------ DATA PROVIDED

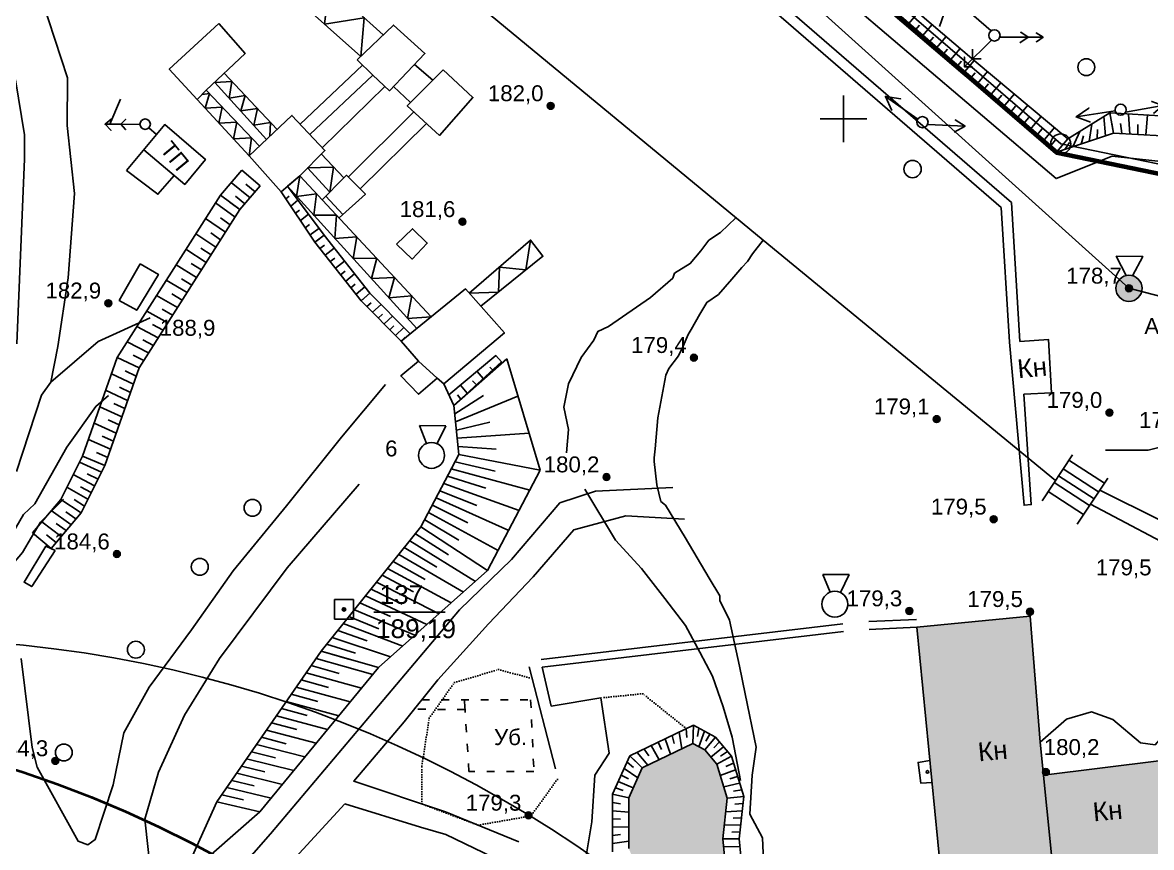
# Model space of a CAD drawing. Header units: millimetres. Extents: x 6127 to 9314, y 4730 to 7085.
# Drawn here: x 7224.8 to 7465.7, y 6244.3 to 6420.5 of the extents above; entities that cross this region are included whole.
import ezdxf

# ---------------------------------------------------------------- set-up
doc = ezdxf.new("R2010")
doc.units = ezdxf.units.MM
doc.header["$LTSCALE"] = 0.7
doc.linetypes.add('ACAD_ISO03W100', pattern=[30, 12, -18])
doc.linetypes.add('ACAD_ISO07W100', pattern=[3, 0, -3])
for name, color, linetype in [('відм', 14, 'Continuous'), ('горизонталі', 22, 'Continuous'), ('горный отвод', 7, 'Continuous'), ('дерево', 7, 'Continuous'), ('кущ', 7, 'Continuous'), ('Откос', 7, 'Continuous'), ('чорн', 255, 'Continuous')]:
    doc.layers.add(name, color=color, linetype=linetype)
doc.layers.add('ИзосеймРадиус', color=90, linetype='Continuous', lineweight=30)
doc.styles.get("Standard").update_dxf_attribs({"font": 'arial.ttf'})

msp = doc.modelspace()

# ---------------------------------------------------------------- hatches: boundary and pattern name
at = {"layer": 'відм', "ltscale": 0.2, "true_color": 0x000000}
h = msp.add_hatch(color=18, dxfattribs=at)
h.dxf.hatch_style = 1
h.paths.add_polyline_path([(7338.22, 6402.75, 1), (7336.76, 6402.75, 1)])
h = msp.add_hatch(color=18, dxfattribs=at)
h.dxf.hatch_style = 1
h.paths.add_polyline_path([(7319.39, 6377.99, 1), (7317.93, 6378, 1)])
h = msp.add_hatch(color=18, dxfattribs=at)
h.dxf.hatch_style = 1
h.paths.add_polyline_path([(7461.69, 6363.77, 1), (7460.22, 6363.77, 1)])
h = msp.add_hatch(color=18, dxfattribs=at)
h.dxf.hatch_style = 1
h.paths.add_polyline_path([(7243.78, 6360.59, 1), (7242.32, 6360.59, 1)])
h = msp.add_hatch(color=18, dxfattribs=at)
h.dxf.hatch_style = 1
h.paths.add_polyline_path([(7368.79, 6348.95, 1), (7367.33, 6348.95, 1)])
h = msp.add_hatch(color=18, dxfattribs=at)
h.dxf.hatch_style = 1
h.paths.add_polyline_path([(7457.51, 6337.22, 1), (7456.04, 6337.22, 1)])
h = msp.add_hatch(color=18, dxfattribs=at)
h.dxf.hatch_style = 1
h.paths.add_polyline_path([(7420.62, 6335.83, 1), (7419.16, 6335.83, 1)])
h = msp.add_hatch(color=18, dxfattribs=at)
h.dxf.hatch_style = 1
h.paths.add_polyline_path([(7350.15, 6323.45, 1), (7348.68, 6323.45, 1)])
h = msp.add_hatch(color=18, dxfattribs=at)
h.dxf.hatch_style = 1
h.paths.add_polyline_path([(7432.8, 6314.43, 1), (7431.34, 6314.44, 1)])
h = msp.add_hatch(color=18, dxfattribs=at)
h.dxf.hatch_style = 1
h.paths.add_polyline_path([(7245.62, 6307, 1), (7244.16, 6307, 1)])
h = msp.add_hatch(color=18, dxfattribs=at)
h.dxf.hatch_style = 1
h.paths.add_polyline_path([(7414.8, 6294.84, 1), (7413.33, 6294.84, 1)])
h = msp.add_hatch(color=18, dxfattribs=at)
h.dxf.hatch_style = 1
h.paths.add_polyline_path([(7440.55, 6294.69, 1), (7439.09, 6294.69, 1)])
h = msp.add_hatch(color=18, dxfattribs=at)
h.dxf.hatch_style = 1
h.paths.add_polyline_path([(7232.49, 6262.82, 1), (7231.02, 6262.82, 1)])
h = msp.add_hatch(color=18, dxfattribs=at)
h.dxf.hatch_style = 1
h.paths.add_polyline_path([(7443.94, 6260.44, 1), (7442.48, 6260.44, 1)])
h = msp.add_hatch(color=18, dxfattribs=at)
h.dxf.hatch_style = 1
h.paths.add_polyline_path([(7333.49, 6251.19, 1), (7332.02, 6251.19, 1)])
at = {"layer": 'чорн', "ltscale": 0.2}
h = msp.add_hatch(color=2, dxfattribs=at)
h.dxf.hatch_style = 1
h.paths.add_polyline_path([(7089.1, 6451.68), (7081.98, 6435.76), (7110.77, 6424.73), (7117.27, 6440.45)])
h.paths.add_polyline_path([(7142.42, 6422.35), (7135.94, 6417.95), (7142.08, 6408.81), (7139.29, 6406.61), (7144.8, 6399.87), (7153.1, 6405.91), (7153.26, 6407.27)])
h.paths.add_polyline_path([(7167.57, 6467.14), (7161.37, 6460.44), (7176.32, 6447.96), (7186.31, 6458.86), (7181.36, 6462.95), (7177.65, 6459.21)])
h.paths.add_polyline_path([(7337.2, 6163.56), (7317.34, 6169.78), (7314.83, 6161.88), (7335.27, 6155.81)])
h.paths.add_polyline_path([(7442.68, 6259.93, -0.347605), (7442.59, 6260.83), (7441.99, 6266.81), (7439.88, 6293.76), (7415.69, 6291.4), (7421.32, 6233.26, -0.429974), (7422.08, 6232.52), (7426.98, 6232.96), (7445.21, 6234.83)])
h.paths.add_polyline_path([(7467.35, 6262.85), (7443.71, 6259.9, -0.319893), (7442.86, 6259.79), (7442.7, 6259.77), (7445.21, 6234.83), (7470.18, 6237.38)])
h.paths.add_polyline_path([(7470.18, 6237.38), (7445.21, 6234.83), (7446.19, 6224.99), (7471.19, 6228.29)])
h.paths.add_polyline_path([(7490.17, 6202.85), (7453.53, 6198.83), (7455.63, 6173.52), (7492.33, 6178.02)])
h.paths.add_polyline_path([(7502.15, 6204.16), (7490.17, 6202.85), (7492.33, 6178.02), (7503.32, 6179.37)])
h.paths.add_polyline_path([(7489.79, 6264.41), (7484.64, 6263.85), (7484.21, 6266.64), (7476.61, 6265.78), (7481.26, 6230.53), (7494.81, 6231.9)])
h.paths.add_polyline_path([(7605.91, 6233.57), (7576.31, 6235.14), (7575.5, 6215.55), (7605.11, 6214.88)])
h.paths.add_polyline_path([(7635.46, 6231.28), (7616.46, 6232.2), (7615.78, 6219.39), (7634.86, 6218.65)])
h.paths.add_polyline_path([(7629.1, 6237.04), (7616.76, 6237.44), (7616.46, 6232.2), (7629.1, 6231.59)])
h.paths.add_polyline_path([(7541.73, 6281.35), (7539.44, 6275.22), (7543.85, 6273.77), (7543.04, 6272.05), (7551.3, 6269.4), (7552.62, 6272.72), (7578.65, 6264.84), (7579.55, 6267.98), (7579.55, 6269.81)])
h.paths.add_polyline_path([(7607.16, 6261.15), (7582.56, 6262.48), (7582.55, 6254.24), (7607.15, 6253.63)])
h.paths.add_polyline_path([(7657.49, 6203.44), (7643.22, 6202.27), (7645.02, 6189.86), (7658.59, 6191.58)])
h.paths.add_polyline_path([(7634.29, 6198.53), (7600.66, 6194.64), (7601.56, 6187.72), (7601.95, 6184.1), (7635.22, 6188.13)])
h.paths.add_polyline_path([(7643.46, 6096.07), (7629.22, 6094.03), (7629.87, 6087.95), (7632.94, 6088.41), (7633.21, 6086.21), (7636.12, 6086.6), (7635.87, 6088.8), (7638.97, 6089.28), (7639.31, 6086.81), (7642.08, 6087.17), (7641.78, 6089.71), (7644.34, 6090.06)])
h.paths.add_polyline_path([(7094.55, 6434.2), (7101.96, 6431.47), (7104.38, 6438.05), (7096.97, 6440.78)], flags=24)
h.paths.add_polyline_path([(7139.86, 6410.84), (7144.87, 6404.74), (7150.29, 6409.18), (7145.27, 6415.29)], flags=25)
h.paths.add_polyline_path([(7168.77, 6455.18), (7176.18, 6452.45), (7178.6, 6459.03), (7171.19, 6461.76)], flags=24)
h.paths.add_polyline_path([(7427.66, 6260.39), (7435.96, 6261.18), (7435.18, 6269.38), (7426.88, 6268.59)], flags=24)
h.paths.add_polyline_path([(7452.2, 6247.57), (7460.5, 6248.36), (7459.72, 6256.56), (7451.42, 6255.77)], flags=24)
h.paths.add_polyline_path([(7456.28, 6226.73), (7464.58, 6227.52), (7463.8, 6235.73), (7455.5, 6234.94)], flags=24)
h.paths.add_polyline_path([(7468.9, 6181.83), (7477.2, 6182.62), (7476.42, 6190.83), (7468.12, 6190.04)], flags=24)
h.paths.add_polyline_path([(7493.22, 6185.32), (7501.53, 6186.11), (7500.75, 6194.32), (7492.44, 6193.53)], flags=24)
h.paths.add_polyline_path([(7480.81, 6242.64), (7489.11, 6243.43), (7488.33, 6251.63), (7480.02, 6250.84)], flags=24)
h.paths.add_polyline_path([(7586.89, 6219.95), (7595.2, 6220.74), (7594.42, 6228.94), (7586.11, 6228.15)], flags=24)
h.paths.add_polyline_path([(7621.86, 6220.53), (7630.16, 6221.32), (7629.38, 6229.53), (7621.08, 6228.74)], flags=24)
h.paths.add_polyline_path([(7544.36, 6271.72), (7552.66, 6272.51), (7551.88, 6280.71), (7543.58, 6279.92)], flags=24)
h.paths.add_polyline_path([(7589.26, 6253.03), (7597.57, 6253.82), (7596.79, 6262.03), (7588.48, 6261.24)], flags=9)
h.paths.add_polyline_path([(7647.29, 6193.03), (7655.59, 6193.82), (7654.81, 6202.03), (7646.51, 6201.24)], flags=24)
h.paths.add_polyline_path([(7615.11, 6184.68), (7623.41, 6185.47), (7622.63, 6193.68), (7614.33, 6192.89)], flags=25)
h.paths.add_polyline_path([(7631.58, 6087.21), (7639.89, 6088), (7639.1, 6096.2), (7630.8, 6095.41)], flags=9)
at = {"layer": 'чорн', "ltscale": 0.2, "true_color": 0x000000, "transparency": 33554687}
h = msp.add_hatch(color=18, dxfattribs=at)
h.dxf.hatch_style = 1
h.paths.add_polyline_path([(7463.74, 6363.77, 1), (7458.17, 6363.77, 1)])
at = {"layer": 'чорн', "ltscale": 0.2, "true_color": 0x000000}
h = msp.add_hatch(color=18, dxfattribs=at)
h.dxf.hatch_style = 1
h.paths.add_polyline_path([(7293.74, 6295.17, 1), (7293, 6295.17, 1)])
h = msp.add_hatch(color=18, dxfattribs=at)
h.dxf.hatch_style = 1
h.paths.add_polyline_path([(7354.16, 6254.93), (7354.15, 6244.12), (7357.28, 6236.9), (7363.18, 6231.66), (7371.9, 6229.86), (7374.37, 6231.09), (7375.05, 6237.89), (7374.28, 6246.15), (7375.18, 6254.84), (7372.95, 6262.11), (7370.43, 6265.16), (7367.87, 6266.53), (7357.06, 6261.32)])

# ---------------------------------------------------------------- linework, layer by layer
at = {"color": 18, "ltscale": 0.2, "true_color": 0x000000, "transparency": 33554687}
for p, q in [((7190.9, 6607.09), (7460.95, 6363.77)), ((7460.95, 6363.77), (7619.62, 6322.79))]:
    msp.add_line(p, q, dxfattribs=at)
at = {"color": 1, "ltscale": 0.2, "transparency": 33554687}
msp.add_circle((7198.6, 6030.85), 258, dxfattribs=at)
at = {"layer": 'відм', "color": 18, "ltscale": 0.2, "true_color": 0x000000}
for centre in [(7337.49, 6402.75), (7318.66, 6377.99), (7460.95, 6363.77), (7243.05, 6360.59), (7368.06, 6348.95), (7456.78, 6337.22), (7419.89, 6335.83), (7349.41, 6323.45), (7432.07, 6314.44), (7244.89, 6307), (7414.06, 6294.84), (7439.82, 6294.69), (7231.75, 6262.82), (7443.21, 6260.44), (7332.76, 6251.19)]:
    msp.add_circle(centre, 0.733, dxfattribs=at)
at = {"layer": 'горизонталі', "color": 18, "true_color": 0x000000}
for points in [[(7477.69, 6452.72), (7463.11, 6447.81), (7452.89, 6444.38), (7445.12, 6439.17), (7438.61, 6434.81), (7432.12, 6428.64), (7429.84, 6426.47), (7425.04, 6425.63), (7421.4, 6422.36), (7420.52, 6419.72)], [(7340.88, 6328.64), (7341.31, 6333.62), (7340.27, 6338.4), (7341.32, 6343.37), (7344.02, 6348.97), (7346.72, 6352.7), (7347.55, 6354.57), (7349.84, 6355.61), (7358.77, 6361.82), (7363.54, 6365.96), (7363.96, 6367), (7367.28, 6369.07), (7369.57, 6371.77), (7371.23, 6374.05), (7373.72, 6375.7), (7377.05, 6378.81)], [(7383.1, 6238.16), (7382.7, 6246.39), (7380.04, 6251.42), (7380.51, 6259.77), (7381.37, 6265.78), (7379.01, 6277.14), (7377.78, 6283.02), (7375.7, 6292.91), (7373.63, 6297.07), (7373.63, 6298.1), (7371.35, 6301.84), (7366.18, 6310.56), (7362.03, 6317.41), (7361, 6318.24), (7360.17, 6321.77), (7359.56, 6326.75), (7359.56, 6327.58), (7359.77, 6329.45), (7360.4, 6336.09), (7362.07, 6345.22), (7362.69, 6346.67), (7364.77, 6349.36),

------------

• [PROMPT]:
Copy every line of the material above in which the string "units" can be found.

• [ANSWER TO THIS TASK]:
# Model space of a CAD drawing. Header units: millimetres. Extents: x 6127 to 9314, y 4730 to 7085.
doc.units = ezdxf.units.MM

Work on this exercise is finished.